### INSTRUCTIONS FOR THE TASK
Look through the data below for the line with "#5315 = PLANE" and the line with "#11693 = ORIENTED_EDGE", then output those two and all lines in between, exactly as written.

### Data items
■ ■ ■

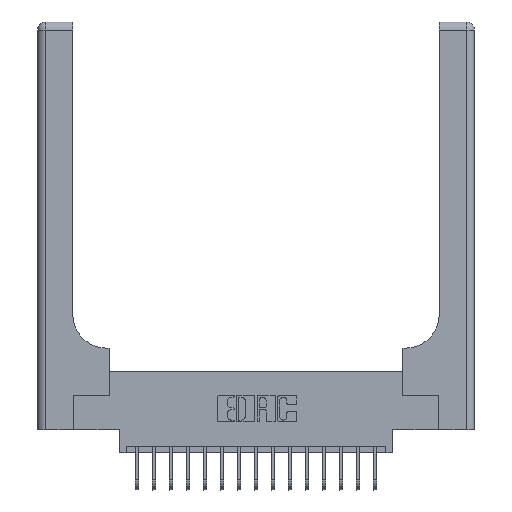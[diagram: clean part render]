
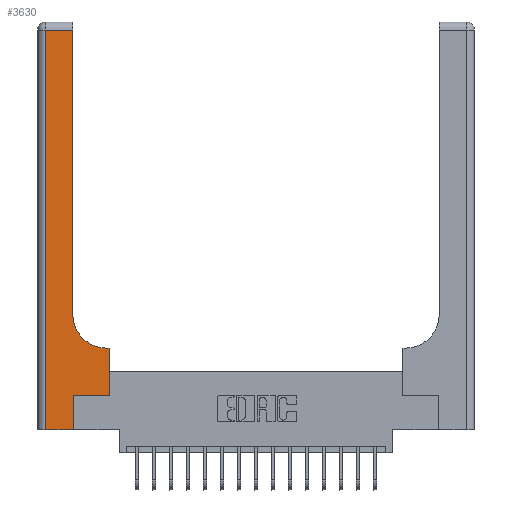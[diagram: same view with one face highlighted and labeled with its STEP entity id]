
A CAD part, top view. The second image highlights one B-rep face of the part: STEP entity #3630.
In plain terms, the highlighted planar face has unit normal (0, 0, 1).
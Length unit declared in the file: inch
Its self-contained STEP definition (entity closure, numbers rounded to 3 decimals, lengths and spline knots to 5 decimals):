
#114 = DIRECTION ( 'NONE',  ( 0., 1., 0. ) ) ;
#383 = CARTESIAN_POINT ( 'NONE',  ( 0.26, 0.6, 0.37 ) ) ;
#402 = CARTESIAN_POINT ( 'NONE',  ( 0.528, 0.25, 0.37 ) ) ;
#589 = ORIENTED_EDGE ( 'NONE', *, *, #10555, .T. ) ;
#820 = LINE ( 'NONE', #2097, #20143 ) ;
#1143 = VERTEX_POINT ( 'NONE', #6583 ) ;
#1234 = EDGE_CURVE ( 'NONE', #1812, #18590, #13800, .T. ) ;
#1739 = ORIENTED_EDGE ( 'NONE', *, *, #15514, .T. ) ;
#1812 = VERTEX_POINT ( 'NONE', #4689 ) ;
#2097 = CARTESIAN_POINT ( 'NONE',  ( 0.265, 0.25, 0.37 ) ) ;
#2448 = VERTEX_POINT ( 'NONE', #20371 ) ;
#2722 = CARTESIAN_POINT ( 'NONE',  ( 0.26, 3., 0.37 ) ) ;
#3055 = LINE ( 'NONE', #14807, #13213 ) ;
#3398 = EDGE_CURVE ( 'NONE', #1143, #2448, #19962, .T. ) ;
#3536 = FACE_OUTER_BOUND ( 'NONE', #14196, .T. ) ;
#3570 = ORIENTED_EDGE ( 'NONE', *, *, #12898, .T. ) ;
#3630 = ADVANCED_FACE ( 'NONE', ( #3536 ), #5315, .F. ) ;
#4007 = DIRECTION ( 'NONE',  ( 0., 1., 0. ) ) ;
#4230 = CARTESIAN_POINT ( 'NONE',  ( 0.51, 0.85, 0.37 ) ) ;
#4689 = CARTESIAN_POINT ( 'NONE',  ( 0.51, 0.6, 0.37 ) ) ;
#5219 = DIRECTION ( 'NONE',  ( 0., 0., -1. ) ) ;
#5315 = PLANE ( 'NONE',  #14639 ) ;
#5992 = CARTESIAN_POINT ( 'NONE',  ( 0.265, 0., 0.37 ) ) ;
#6359 = CARTESIAN_POINT ( 'NONE',  ( 0.06, 3., 0.37 ) ) ;
#6583 = CARTESIAN_POINT ( 'NONE',  ( 0.26, 2.94, 0.37 ) ) ;
#6695 = ORIENTED_EDGE ( 'NONE', *, *, #14718, .T. ) ;
#6815 = DIRECTION ( 'NONE',  ( -1., 0., 0. ) ) ;
#6948 = DIRECTION ( 'NONE',  ( 1., 0., 0. ) ) ;
#8158 = LINE ( 'NONE', #6359, #13296 ) ;
#8696 = DIRECTION ( 'NONE',  ( 0., 0., -1. ) ) ;
#8818 = VECTOR ( 'NONE', #13645, 39.37008 ) ;
#9666 = VERTEX_POINT ( 'NONE', #16177 ) ;
#9765 = ORIENTED_EDGE ( 'NONE', *, *, #12981, .T. ) ;
#10141 = LINE ( 'NONE', #383, #8818 ) ;
#10277 = CARTESIAN_POINT ( 'NONE',  ( 0.06, 0., 0.37 ) ) ;
#10555 = EDGE_CURVE ( 'NONE', #18590, #1143, #12170, .T. ) ;
#11378 = VERTEX_POINT ( 'NONE', #10277 ) ;
#11476 = CARTESIAN_POINT ( 'NONE',  ( 0.528, 0.25, 0.37 ) ) ;
#11693 = ORIENTED_EDGE ( 'NONE', *, *, #19795, .T. ) ;
#11799 = DIRECTION ( 'NONE',  ( -1., 0., 0. ) ) ;
#11927 = LINE ( 'NONE', #18403, #16311 ) ;
#12103 = EDGE_CURVE ( 'NONE', #19368, #17502, #14757, .T. ) ;
#12160 = DIRECTION ( 'NONE',  ( 1., 0., 0. ) ) ;
#12170 = LINE ( 'NONE', #2722, #13494 ) ;
#12898 = EDGE_CURVE ( 'NONE', #18975, #9666, #3055, .T. ) ;
#12981 = EDGE_CURVE ( 'NONE', #17502, #1812, #10141, .T. ) ;
#13122 = DIRECTION ( 'NONE',  ( 0., 1., 0. ) ) ;
#13213 = VECTOR ( 'NONE', #13122, 39.37008 ) ;
#13296 = VECTOR ( 'NONE', #19733, 39.37008 ) ;
#13494 = VECTOR ( 'NONE', #4007, 39.37008 ) ;
#13645 = DIRECTION ( 'NONE',  ( -1., 0., 0. ) ) ;
#13800 = CIRCLE ( 'NONE', #16845, 0.25 ) ;
#14196 = EDGE_LOOP ( 'NONE', ( #589, #19726, #1739, #6695, #3570, #11693, #18044, #9765, #19786 ) ) ;
#14639 = AXIS2_PLACEMENT_3D ( 'NONE', #19658, #5219, #11799 ) ;
#14718 = EDGE_CURVE ( 'NONE', #11378, #18975, #11927, .T. ) ;
#14757 = LINE ( 'NONE', #11476, #15202 ) ;
#14807 = CARTESIAN_POINT ( 'NONE',  ( 0.265, 0., 0.37 ) ) ;
#15202 = VECTOR ( 'NONE', #114, 39.37008 ) ;
#15334 = CARTESIAN_POINT ( 'NONE',  ( 0.528, 0.6, 0.37 ) ) ;
#15514 = EDGE_CURVE ( 'NONE', #2448, #11378, #8158, .T. ) ;
#16177 = CARTESIAN_POINT ( 'NONE',  ( 0.265, 0.25, 0.37 ) ) ;
#16311 = VECTOR ( 'NONE', #6948, 39.37008 ) ;
#16845 = AXIS2_PLACEMENT_3D ( 'NONE', #4230, #8696, #20259 ) ;
#17502 = VERTEX_POINT ( 'NONE', #15334 ) ;
#17963 = CARTESIAN_POINT ( 'NONE',  ( 0., 2.94, 0.37 ) ) ;
#18010 = CARTESIAN_POINT ( 'NONE',  ( 0.26, 0.85, 0.37 ) ) ;
#18044 = ORIENTED_EDGE ( 'NONE', *, *, #12103, .T. ) ;
#18381 = VECTOR ( 'NONE', #6815, 39.37008 ) ;
#18403 = CARTESIAN_POINT ( 'NONE',  ( 0., 0., 0.37 ) ) ;
#18590 = VERTEX_POINT ( 'NONE', #18010 ) ;
#18975 = VERTEX_POINT ( 'NONE', #5992 ) ;
#19368 = VERTEX_POINT ( 'NONE', #402 ) ;
#19658 = CARTESIAN_POINT ( 'NONE',  ( 0., 3., 0.37 ) ) ;
#19726 = ORIENTED_EDGE ( 'NONE', *, *, #3398, .T. ) ;
#19733 = DIRECTION ( 'NONE',  ( 0., -1., 0. ) ) ;
#19786 = ORIENTED_EDGE ( 'NONE', *, *, #1234, .T. ) ;
#19795 = EDGE_CURVE ( 'NONE', #9666, #19368, #820, .T. ) ;
#19962 = LINE ( 'NONE', #17963, #18381 ) ;
#20143 = VECTOR ( 'NONE', #12160, 39.37008 ) ;
#20259 = DIRECTION ( 'NONE',  ( 1., 0., 0. ) ) ;
#20371 = CARTESIAN_POINT ( 'NONE',  ( 0.06, 2.94, 0.37 ) ) ;

■ ■ ■

### ANSWER SPACE
#5315 = PLANE ( 'NONE',  #14639 ) ;
#5992 = CARTESIAN_POINT ( 'NONE',  ( 0.265, 0., 0.37 ) ) ;
#6359 = CARTESIAN_POINT ( 'NONE',  ( 0.06, 3., 0.37 ) ) ;
#6583 = CARTESIAN_POINT ( 'NONE',  ( 0.26, 2.94, 0.37 ) ) ;
#6695 = ORIENTED_EDGE ( 'NONE', *, *, #14718, .T. ) ;
#6815 = DIRECTION ( 'NONE',  ( -1., 0., 0. ) ) ;
#6948 = DIRECTION ( 'NONE',  ( 1., 0., 0. ) ) ;
#8158 = LINE ( 'NONE', #6359, #13296 ) ;
#8696 = DIRECTION ( 'NONE',  ( 0., 0., -1. ) ) ;
#8818 = VECTOR ( 'NONE', #13645, 39.37008 ) ;
#9666 = VERTEX_POINT ( 'NONE', #16177 ) ;
#9765 = ORIENTED_EDGE ( 'NONE', *, *, #12981, .T. ) ;
#10141 = LINE ( 'NONE', #383, #8818 ) ;
#10277 = CARTESIAN_POINT ( 'NONE',  ( 0.06, 0., 0.37 ) ) ;
#10555 = EDGE_CURVE ( 'NONE', #18590, #1143, #12170, .T. ) ;
#11378 = VERTEX_POINT ( 'NONE', #10277 ) ;
#11476 = CARTESIAN_POINT ( 'NONE',  ( 0.528, 0.25, 0.37 ) ) ;
#11693 = ORIENTED_EDGE ( 'NONE', *, *, #19795, .T. ) ;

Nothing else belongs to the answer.